Figure 4: All data (Mathematics) shows the overall correlation between verifier capability and balanced accuracy, with regime-dependent nonlinearity.
Implications for Test-Time Scaling (TTS)
Weak Generators Can Match Strong Generators Post-Verification
In TTS settings, verification enables weak generators to approach the post-verification performance of strong generators. For example, Gemma2-9B narrows its performance gap with Gemma2-27B by 75.5% after verification with a fixed verifier. The largest verification gains are observed for weak-to-medium generators, where high TNR enables effective error filtering.




Figure 5: Pass rate (Mathematics) before and after verification, demonstrating substantial gap closure for weak generators.
Weak Verifiers Can Substitute for Strong Verifiers in Specific Regimes
The verification gain gap between strong and weak verifiers narrows in three regimes: easy problems (high TPR for both), strong generators (low TNR for both), and very hard problems (verification accuracy plateaus). In these regimes, scaling verifier capacity does not yield meaningful improvements, indicating that computational resources can be conserved without sacrificing verification quality.



















Figure 6: Verification-augmented TTS performance across problem difficulty intervals, showing pass rates and verification gains for Mathematics.
Mechanistic Insights and Case Studies
Case studies reveal that verifiers often employ a "solve-and-match" strategy, generating their own reference solutions for comparison. On hard problems, verifiers frequently fail to solve the problem correctly, leading to false negatives (rejecting correct generator responses).

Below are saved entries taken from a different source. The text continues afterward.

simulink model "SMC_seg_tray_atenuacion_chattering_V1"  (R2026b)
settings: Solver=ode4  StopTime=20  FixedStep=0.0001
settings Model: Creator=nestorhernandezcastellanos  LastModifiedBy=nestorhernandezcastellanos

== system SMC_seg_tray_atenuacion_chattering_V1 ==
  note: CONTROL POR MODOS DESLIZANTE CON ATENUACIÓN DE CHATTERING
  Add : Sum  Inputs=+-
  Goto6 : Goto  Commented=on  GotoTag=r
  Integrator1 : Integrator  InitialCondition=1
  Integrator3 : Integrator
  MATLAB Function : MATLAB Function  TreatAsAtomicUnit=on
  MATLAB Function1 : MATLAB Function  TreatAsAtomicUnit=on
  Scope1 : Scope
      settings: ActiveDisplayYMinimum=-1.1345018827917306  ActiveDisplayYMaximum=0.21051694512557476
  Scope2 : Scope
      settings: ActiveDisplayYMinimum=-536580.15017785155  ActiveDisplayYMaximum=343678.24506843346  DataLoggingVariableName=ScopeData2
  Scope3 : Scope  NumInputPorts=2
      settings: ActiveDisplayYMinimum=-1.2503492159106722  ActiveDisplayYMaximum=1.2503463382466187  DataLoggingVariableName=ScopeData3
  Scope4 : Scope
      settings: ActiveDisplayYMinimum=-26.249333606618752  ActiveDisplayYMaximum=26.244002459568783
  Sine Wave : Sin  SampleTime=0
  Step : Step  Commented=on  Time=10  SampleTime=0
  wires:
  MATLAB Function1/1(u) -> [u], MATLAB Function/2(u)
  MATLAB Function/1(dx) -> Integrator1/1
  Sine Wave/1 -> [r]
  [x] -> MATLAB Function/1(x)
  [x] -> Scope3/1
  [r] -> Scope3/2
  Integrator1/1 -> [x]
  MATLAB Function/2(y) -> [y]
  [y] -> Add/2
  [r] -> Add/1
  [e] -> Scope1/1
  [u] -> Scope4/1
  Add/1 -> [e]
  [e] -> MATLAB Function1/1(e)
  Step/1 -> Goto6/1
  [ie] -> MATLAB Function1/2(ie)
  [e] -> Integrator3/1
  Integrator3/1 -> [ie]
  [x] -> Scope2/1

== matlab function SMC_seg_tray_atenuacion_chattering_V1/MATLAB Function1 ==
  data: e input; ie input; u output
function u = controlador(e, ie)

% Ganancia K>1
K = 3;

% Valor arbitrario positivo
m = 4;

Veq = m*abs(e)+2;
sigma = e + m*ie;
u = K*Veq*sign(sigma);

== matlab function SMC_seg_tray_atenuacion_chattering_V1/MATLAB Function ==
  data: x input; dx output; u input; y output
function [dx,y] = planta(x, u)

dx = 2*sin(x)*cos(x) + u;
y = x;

For strong generators, errors are internally consistent and propagate through the reasoning chain, making them difficult for verifiers to detect. Weak generators, in contrast, produce self-contradictory solutions that are more readily rejected.
Theoretical and Practical Implications
The findings challenge the prevailing assumption that scaling verifier capability is universally beneficial. Verification asymmetry—where verifying is easier than generating—does not hold uniformly across all regimes. The results suggest that strategic pairing of generators and verifiers, informed by problem difficulty and generator capability, can optimize computational efficiency in TTS applications. Furthermore, the observed limitations in error detection for strong generators and hard problems highlight fundamental bottlenecks in current generative verification paradigms.
Future Directions
The paper opens several avenues for future research:
- Verifier Architecture: Development of specialized verifier architectures or training objectives that enhance error detection for strong generators.
- Adaptive TTS Strategies: Dynamic allocation of verifier resources based on real-time estimates of problem difficulty and generator capability.
- Benchmarking and Evaluation: Design of new benchmarks that stress-test verification in adversarial and high-difficulty regimes.
- Multi-Agent Verification: Exploration of collaborative or debate-style verification systems to overcome individual verifier limitations.
Conclusion
This work provides a rigorous, multi-dimensional analysis of verification dynamics in LLMs, establishing that verification success is governed by the interaction of problem difficulty, generator capability, and verifier generation capability. The results have direct implications for the deployment of verification in TTS, enabling more cost-effective and reliable model evaluation. The identification of regimes where scaling verifier capacity is ineffective underscores the need for principled, context-aware verification strategies and motivates further research into overcoming the fundamental limitations of current approaches.